Дневники: 1925–1930 - Вирджиния Вулф
Шрифт:
Интервал:
Закладка:
Не могу придумать, что писать дальше. Я имею в виду, что «Орландо», конечно, легкая и блестящая книга. Да, но я не пыталась копнуть глубже и поисследовать тему. А мне всегда надо делать это? Уверена, что да. У меня ведь необычные методы. И даже спустя столько лет я не могу махнуть на них рукой. «Орландо» научил меня писать прямо и последовательно, повествовать и держать реальность в узде. Но я, разумеется, намеренно избегала всех прочих трудностей. Я ни разу не нырнула в свои глубины и не заставляла персонажей вступать в конфронтацию, как это было в романе «На маяк».

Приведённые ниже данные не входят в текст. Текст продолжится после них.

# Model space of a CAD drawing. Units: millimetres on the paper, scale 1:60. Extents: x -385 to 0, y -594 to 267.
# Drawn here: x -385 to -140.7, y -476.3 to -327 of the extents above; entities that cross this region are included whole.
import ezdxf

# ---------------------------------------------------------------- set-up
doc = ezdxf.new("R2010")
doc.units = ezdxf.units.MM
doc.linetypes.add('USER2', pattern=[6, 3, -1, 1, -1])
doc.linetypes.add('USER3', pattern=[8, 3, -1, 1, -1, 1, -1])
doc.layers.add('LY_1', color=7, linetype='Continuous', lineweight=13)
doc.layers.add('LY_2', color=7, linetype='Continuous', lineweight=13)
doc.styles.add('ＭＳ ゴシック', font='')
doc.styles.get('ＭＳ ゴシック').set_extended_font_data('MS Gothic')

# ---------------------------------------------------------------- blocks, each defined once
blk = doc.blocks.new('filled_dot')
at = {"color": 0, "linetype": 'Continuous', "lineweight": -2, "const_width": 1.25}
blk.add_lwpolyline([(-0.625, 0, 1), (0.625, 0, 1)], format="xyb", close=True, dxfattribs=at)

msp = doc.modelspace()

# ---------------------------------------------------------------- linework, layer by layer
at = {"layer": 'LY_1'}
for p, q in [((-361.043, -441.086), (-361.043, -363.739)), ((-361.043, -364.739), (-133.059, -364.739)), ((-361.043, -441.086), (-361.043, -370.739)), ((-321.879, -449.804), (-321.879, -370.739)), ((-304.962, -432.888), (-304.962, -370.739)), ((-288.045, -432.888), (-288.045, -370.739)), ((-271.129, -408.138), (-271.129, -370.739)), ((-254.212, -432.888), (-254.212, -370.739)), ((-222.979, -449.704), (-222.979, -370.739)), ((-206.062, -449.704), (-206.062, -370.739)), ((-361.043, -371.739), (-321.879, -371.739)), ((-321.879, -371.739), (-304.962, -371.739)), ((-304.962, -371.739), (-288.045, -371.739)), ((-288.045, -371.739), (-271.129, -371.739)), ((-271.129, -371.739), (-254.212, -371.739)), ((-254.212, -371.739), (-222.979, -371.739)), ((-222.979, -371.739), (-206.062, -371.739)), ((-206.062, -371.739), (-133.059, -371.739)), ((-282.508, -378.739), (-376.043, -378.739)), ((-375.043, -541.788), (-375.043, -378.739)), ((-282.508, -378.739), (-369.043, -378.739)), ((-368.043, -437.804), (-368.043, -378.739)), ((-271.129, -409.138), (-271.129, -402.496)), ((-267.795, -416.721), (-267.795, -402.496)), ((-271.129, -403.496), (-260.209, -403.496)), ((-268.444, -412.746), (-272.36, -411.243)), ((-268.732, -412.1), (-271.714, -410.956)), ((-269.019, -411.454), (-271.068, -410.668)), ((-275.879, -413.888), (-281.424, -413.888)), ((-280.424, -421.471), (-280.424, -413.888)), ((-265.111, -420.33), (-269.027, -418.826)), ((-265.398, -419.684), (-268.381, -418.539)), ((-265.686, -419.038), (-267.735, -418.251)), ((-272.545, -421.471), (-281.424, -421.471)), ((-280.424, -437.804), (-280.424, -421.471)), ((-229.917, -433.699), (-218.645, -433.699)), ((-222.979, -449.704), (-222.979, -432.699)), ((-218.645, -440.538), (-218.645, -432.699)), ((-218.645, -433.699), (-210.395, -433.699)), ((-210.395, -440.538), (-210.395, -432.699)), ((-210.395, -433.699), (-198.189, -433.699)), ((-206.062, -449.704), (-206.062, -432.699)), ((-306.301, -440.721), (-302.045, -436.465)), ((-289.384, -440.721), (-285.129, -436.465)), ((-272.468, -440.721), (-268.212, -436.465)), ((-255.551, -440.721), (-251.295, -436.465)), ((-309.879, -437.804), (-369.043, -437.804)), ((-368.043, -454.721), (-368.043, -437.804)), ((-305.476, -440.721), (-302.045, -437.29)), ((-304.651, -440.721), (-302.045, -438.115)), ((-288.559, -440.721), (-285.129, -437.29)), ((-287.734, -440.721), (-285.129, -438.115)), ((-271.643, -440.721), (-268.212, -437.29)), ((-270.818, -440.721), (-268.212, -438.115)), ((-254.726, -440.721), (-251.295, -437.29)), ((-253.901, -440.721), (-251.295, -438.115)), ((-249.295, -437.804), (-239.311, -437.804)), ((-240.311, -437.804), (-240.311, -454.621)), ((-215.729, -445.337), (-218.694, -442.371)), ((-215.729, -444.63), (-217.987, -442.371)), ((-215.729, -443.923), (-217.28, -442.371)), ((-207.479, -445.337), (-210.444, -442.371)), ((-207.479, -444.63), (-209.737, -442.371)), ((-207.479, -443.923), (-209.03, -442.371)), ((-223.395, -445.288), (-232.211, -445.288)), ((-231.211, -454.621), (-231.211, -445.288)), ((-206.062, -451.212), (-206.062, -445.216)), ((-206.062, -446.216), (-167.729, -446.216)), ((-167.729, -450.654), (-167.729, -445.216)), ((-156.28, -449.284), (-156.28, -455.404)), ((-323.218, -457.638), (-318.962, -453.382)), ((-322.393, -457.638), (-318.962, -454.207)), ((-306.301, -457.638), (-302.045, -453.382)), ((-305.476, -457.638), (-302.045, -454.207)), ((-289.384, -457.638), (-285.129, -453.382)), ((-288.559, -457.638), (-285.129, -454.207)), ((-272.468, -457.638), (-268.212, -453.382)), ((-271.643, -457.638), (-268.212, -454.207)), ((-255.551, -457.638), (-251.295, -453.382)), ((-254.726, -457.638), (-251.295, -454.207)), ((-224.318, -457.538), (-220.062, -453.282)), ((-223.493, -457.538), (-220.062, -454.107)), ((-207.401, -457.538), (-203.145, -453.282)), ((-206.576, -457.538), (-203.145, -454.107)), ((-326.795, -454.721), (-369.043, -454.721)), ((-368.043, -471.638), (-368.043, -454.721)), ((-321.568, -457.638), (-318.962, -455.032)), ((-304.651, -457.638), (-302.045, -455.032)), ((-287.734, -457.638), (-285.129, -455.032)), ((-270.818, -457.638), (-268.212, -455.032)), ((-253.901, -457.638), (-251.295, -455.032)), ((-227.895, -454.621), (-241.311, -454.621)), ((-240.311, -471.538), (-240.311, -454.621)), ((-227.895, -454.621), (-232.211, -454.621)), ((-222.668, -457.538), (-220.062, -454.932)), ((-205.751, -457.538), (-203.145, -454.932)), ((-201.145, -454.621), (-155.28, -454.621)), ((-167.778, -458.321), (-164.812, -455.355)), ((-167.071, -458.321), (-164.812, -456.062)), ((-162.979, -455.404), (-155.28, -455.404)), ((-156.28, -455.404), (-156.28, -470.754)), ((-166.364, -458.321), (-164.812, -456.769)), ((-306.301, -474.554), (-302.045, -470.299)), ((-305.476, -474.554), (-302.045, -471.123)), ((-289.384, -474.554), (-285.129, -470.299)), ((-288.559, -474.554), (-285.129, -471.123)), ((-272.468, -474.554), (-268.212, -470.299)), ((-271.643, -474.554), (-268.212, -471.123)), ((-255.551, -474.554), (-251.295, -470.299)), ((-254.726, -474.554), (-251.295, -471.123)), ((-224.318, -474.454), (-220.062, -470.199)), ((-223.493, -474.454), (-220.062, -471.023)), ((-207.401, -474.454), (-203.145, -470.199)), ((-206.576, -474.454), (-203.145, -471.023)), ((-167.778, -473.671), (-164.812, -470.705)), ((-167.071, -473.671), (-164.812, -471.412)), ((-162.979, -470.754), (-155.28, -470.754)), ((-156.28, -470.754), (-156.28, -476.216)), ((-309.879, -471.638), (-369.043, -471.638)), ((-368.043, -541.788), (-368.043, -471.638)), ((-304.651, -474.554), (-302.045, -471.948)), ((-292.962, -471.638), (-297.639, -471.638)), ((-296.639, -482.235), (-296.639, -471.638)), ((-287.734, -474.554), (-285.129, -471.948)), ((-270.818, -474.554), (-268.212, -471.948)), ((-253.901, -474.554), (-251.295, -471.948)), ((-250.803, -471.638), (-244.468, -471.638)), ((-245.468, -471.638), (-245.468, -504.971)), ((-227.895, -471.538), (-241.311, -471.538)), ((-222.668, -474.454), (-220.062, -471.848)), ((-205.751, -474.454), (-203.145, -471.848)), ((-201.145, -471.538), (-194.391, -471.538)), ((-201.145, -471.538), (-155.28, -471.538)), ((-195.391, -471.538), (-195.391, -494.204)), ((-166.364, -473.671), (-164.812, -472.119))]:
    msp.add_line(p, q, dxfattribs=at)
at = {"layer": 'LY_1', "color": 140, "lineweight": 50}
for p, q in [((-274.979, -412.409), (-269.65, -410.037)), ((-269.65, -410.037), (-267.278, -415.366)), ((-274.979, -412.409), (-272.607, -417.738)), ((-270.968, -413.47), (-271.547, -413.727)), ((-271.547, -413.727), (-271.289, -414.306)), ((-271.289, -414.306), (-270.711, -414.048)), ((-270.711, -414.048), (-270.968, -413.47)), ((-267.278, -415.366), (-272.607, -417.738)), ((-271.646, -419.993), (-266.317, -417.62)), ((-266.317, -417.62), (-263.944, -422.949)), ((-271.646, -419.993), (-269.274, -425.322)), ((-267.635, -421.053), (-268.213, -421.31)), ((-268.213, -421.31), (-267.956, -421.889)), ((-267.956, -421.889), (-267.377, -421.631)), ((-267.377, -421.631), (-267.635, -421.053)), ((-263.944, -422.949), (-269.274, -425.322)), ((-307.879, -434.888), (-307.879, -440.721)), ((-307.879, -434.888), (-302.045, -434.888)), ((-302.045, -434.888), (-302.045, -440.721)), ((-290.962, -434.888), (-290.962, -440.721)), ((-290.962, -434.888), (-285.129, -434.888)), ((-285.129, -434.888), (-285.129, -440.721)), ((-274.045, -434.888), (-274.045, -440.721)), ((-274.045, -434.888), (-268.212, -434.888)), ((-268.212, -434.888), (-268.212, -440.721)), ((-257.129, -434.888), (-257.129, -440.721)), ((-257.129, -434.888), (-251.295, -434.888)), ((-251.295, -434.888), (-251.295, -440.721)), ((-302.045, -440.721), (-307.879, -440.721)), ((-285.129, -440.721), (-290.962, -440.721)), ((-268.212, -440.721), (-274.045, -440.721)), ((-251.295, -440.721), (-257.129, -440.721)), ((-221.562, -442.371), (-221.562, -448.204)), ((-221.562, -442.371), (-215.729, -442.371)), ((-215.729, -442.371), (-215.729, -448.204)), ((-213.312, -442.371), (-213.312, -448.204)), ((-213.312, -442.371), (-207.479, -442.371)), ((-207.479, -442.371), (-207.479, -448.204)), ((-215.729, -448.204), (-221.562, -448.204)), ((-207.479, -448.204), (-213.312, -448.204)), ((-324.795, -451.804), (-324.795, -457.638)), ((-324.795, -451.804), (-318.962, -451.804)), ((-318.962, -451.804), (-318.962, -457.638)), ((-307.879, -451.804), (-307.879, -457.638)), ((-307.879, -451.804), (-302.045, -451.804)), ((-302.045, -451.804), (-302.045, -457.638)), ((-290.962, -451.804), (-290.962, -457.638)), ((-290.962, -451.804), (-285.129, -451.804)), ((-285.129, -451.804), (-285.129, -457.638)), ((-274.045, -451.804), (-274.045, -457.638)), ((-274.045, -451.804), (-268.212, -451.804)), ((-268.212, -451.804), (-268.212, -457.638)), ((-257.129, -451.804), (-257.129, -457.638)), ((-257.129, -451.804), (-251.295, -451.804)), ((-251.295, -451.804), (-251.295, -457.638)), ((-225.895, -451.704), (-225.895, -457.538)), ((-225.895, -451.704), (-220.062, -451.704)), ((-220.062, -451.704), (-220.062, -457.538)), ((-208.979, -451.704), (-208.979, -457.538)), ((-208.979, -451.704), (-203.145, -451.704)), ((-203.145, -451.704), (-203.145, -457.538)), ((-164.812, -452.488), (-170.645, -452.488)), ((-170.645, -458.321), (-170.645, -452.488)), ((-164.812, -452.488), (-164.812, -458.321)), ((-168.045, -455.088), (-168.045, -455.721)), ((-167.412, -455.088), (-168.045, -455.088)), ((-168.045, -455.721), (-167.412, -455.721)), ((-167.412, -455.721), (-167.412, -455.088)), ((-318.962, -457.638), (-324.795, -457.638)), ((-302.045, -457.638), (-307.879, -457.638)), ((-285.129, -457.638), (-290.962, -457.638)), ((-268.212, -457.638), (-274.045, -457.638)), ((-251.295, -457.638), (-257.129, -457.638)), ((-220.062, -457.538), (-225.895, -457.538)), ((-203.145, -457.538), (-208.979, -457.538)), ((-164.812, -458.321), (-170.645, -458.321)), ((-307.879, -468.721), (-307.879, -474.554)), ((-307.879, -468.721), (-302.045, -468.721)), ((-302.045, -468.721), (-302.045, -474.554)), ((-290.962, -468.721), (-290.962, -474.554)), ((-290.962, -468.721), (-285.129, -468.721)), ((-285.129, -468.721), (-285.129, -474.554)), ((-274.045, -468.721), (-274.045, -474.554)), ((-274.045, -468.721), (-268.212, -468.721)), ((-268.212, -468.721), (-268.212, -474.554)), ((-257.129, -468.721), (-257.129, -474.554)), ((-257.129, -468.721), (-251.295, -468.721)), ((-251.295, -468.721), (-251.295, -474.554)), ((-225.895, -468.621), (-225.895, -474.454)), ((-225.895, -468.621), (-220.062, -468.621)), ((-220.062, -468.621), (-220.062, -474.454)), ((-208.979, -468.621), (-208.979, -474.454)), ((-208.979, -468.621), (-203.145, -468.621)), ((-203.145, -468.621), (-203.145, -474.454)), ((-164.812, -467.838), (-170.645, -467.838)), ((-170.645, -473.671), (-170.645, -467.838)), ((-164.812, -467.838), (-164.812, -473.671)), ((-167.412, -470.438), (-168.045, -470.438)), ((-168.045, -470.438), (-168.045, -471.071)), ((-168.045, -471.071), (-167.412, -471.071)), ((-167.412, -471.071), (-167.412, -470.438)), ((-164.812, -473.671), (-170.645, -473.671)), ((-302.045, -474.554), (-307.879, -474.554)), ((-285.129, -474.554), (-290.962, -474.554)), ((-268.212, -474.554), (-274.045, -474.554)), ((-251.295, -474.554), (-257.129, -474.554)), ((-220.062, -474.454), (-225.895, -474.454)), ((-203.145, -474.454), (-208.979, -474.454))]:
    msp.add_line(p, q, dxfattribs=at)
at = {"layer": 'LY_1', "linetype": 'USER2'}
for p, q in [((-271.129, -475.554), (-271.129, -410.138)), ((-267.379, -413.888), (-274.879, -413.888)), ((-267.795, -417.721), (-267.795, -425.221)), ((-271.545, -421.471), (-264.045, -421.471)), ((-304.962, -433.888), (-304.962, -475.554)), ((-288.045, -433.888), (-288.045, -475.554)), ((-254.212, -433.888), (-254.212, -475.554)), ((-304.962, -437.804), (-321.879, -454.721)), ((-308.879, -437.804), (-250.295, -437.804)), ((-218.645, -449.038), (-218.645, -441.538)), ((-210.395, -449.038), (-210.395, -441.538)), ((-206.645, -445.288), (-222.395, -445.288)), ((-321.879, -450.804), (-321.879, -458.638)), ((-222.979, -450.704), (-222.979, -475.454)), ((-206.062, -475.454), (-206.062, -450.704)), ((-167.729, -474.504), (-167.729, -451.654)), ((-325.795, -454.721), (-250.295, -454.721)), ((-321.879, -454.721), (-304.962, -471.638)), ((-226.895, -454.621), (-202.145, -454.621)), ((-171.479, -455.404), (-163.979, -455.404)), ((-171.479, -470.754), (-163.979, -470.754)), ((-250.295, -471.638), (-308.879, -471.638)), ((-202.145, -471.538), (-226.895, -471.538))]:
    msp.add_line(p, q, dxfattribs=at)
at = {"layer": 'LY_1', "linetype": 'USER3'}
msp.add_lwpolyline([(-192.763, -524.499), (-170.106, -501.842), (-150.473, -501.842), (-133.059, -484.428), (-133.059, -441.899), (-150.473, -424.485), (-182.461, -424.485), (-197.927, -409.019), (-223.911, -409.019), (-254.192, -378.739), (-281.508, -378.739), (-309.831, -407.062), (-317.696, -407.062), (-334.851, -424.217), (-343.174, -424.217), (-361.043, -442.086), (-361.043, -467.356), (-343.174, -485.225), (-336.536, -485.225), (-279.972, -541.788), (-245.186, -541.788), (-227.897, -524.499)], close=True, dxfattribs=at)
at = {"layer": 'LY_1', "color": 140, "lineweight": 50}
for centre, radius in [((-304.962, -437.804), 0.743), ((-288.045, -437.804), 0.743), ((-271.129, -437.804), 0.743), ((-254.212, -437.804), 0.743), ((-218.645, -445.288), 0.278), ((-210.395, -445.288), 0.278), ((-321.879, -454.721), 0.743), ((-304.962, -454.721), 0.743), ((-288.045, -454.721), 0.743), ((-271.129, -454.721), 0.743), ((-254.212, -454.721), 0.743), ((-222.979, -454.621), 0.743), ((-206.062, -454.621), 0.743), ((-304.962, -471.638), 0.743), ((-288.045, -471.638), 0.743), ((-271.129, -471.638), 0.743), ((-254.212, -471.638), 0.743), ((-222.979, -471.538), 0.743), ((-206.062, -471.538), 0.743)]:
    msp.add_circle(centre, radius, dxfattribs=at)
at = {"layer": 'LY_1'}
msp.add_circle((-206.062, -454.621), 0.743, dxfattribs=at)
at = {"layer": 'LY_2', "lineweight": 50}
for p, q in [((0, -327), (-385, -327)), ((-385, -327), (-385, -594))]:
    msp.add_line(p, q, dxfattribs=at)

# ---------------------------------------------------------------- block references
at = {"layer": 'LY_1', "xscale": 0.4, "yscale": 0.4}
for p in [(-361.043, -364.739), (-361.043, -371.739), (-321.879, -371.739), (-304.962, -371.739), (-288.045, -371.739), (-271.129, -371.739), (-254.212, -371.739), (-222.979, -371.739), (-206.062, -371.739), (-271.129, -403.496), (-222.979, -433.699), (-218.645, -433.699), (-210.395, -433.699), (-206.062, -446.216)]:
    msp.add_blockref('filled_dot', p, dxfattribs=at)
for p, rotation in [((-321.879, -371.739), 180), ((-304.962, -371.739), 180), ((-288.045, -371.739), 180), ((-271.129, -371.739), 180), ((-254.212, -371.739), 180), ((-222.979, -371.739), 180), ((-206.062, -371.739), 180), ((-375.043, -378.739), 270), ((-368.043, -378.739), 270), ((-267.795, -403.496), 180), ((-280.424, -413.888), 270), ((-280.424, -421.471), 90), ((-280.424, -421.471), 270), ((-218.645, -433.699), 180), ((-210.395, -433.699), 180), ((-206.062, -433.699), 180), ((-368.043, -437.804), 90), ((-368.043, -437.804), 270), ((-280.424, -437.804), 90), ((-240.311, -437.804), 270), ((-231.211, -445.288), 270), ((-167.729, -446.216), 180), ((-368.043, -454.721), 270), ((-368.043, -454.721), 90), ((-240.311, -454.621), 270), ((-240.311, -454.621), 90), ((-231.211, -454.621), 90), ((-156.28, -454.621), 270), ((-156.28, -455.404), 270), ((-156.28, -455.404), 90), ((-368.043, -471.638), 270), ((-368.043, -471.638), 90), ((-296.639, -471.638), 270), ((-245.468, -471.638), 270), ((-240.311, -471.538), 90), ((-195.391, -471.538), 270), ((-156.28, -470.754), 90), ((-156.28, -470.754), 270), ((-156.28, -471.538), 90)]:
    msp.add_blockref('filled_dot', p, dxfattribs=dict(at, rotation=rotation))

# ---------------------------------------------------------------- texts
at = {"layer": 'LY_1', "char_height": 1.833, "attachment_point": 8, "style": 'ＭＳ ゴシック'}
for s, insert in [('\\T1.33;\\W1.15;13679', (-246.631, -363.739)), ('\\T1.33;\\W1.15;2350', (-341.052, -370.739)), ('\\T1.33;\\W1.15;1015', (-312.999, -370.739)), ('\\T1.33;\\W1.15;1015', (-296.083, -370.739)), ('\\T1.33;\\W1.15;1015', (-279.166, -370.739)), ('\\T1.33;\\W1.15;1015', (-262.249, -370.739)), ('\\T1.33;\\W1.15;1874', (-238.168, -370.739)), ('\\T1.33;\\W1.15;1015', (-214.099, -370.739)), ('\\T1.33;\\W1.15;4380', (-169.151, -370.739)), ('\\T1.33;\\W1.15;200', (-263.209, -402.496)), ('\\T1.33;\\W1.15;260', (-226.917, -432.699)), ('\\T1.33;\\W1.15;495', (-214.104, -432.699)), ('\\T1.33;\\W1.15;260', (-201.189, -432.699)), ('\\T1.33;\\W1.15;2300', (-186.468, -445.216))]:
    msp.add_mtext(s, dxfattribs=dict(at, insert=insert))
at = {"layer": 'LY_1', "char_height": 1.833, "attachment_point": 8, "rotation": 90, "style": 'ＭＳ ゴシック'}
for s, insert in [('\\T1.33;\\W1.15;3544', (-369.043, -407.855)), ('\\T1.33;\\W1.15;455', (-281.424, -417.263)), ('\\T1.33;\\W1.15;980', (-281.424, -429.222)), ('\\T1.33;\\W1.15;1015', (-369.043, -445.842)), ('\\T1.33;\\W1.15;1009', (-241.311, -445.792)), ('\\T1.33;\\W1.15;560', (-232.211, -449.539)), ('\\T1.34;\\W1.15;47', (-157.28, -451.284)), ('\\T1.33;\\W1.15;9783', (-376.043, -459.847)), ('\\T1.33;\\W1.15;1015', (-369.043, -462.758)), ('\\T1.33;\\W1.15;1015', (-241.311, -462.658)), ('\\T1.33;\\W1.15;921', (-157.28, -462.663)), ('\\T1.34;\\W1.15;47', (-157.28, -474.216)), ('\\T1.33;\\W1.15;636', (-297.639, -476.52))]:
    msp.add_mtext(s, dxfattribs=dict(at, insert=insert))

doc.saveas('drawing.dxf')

Но «Орландо» был результатом совершенно очевидного и действительно непреодолимого порыва. Я хочу веселья. Хочу фантазии. Хочу (говорила и говорю всерьез) придать вещам карикатурность. Эта идея до сих пор не дает мне покоя. Я хочу написать историю, скажем Ньюнема или женского движения, но в своем стиле. Эта мысль засела в голове – она искрится и манит. Но не побуждают ли меня рукоплескания? Или перевозбуждают? Я считаю, что талант должен выполнять определенные функции и облегчать жизнь гения, дабы тот мог сыграть свою роль; одно дело – средненький дар, ни к чему не приложенный, другое дело – серьезный дар, примененный на практике. И один высвобождает другой.
Да, но как же «Мотыльки»? Это должно было стать абстрактной мистической неприметной книгой – пьесой-поэмой. И в ней можно позволить себя неестественность, чрезмерную мистичность и абстрактность; скажем, Нессе, Роджеру, Дункану и Этель Сэндс нравится моя бескомпромиссность, поэтому мне лучше заручиться их одобрением…
Какой-то рецензент опять говорит, что у меня кризис стиля: теперь он настолько плавный и текучий, что текст не запоминается.
Эта проблема впервые возникла в романе «На маяк». Первая часть вытекала из-под пера – я писала без остановки!
Может, мне сделать шаг назад и написать что-то крепкое, ближе к «Миссис Дэллоуэй» и «Комнате Джейкоба»?
Я склонна думать, что в итоге получатся книги, которые заменят другие книги, разнообразие стилей и тем, ведь, в конце концов, такой у меня темперамент: нет никакой убежденности в правдивости чего-либо – того, что говорю я и что говорят другие люди, – я всегда буду следовать инстинктивно, слепо, наощупь, с ощущением прыжка через пропасть, с чувством – с чувством – с чувством… В общем, если я возьмусь за «Мотыльков», то пойму, что это за мистические чувства.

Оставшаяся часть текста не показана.